Ritorno al passato (con il pilates)

Non sempre provare qualcosa di nuovo è la cosa migliore. O meglio, a volte è semplicemente la migliore occasione… per tornare a quel che si è lasciato.

Nel mio caso specifico parlo della decisione di fare per un anno e mezzo acqua gym. Ho già spiegato il perché di questa scellerata scelta (qui: https://francescapetrucci.it/2019/04/05/acqua-gym-una-scelta-non-del-tutto-consapevole/), anche se devo ammettere che in quel momento, uscita da due interventi neurochirurgici a seguito di duplice frattura delle vertebre lombari non è che avessi poi tutta questa gamma di possibili attività fisiche, esclusa la fisioterapia di cui ne avevamo abbastanza sia io che il fisioterapista.
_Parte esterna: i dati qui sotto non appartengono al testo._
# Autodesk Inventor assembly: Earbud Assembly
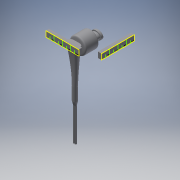
[picture p0: Inventor's stored thumbnail of the model, 180x180]
Saved by Autodesk Inventor 2016 (Build 200138000, 138)
## iProperties
Created: 2015-08-01
Part Number: Earbud Assembly
Document SubType Name: Assembly
Designer: Nancy
Author: Nancy
## Documents named in this file (4)
- C:\Users\Nancy\Documents\Inventor Files\Earbud Assembly.iam
- C:\Users\Nancy\Documents\Inventor Files\Earbud Casing\Earbud Casing.ipt
- C:\Users\Nancy\Documents\Inventor Files\Male End AJ.ipt
- C:\Users\Nancy\Documents\Inventor Files\1 inch Ruler.ipt
## Components (4 placed, 3 different names)
1. Earbud Casing:1 — Insert:1
2. Male End AJ:1 — Insert:1
3. 1 inch Ruler:1
4. 1 inch Ruler:2
## Relationships (1: Insert 1)
- Insert:1 (-15 mm): Earbud Casing:1 ↔ Male End AJ:1
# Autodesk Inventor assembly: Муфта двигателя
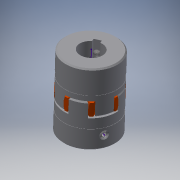
[picture p0: Inventor's stored thumbnail of the model, 180x180]
Saved by Autodesk Inventor 2016 (Build 200138000, 138)
## iProperties
Created: 2021-04-30
Part Number: Муфта двигателя
Material: Типовые
Document SubType Name: Assembly
Designer: Лол
Author: Лол
## Documents named in this file (6)
- C:\Users\Лол\Documents\Inventor\course_work\Муфта двигателя.iam
- C:\Users\Лол\Documents\Inventor\course_work\Муфта железка мотора 38мм.ipt
- C:\Users\Лол\Documents\Inventor\course_work\Муфта железка редуктора 28мм.ipt
- C:\Users\Лол\Documents\Inventor\course_work\Муфта резинка 28мм.ipt
- C:\Users\Лол\Documents\Inventor\course_work\AS 1421 - M8x10 конический.ipt
- C:\Users\Лол\Documents\Inventor\course_work\AS 1421 - M8x16 конический.ipt
## Components (5 placed, 5 different names)
1. Муфта железка мотора 38мм:1 — Совмещение:1, Совмещение:2, Совмещение:4, Угол:2, Совмещение:5, Заподлицо:1
2. Муфта резинка 28мм:1 — Совмещение:1, Совмещение:2, Совмещение:3, Угол:1
3. Муфта железка редуктора 28мм:1 — Совмещение:3, Совмещение:4, Угол:1, Угол:2, Совмещение:6, Заподлицо:2
4. AS 1421 - M8x10 конический:1 — Совмещение:5, Заподлицо:1
5. AS 1421 - M8x16 конический:1 — Совмещение:6, Заподлицо:2
## Relationships (10: Mate 6, Angle 2, Flush 2)
- Совмещение:1 [Mate]: Муфта железка мотора 38мм:1 ↔ Муфта резинка 28мм:1
- Совмещение:2 [Mate]: Муфта железка мотора 38мм:1 ↔ Муфта резинка 28мм:1
- Совмещение:3 [Mate]: Муфта резинка 28мм:1 ↔ Муфта железка редуктора 28мм:1
- Совмещение:4 [Mate]: Муфта железка мотора 38мм:1 ↔ Муфта железка редуктора 28мм:1
- Угол:1 [Angle] (22.5 deg): Муфта резинка 28мм:1 ↔ Муфта железка редуктора 28мм:1
- Угол:2 [Angle] (45 deg): Муфта железка мотора 38мм:1 ↔ Муфта железка редуктора 28мм:1
- Совмещение:5 [Mate]: Муфта железка мотора 38мм:1 ↔ AS 1421 - M8x10 конический:1
- Заподлицо:1 [Flush] (-0.3 mm): Муфта железка мотора 38мм:1 ↔ AS 1421 - M8x10 конический:1
- Совмещение:6 [Mate]: Муфта железка редуктора 28мм:1 ↔ AS 1421 - M8x16 конический:1
- Заподлицо:2 [Flush] (-1 mm): Муфта железка редуктора 28мм:1 ↔ AS 1421 - M8x16 конический:1

L’unica salvezza, mentre tentavo di eseguire gli esercizi nell’acqua ghiaccia marmata  della piscina comunale, si tratta di atti eroici, ne converrete, è stato il gruppo di donne che componevano il corso. Raramente ho trovato tanta accoglienza, armonia, offerta di amicizia e solidarietà totalmente gratuite e generose verso una perfetta sconosciuta. Ecco, non veder loro mi dispiace davvero perché compagne di corso così non se ne ritrovano facilmente. Ma tutto, si sa, non si può avere e, mentre loro posso continuare a vederle o sentirle, io di rimettere piede (gambe, pancia, schiena e tutto il resto) nella vasca, dove potrebbe tranquillamente sguazzare un’orca senza percepire differenza di temperatura alcuna con il mare del Nord, proprio non me la sentivo.

Senza fare nulla non ci posso stare, questo è sicuro: ne ho pagate care le conseguenze a fine estate, dopo aver oziato, fatto chilometri in macchina e soprattutto con un bracco di 40 chili al guinzaglio che tira come un mulo mi sono ridotta agli antinfiammatori se la mattina volevo scendere dal letto senza l’aiuto di un sollevatore.

Da tempo sentivo nostalgia, oltre naturalmente che per l’equitazione, anche per la danza: un’attività che ho praticato per dodici anni e che mi ha lasciato, a parte i famosi piedi a papera e collo del piede ricurvo, bellissimi ricordi. Per anni, dopo avere lasciato le scarpette da punta ho praticato il pilates, con enormi benefici fisici e mentali. Dopo gli interventi ci avevo riprovato una volta, rendendomi conto però di non essere in grado di eseguire gli esercizi, con delusione e amarezza avevo abbandonato l’idea.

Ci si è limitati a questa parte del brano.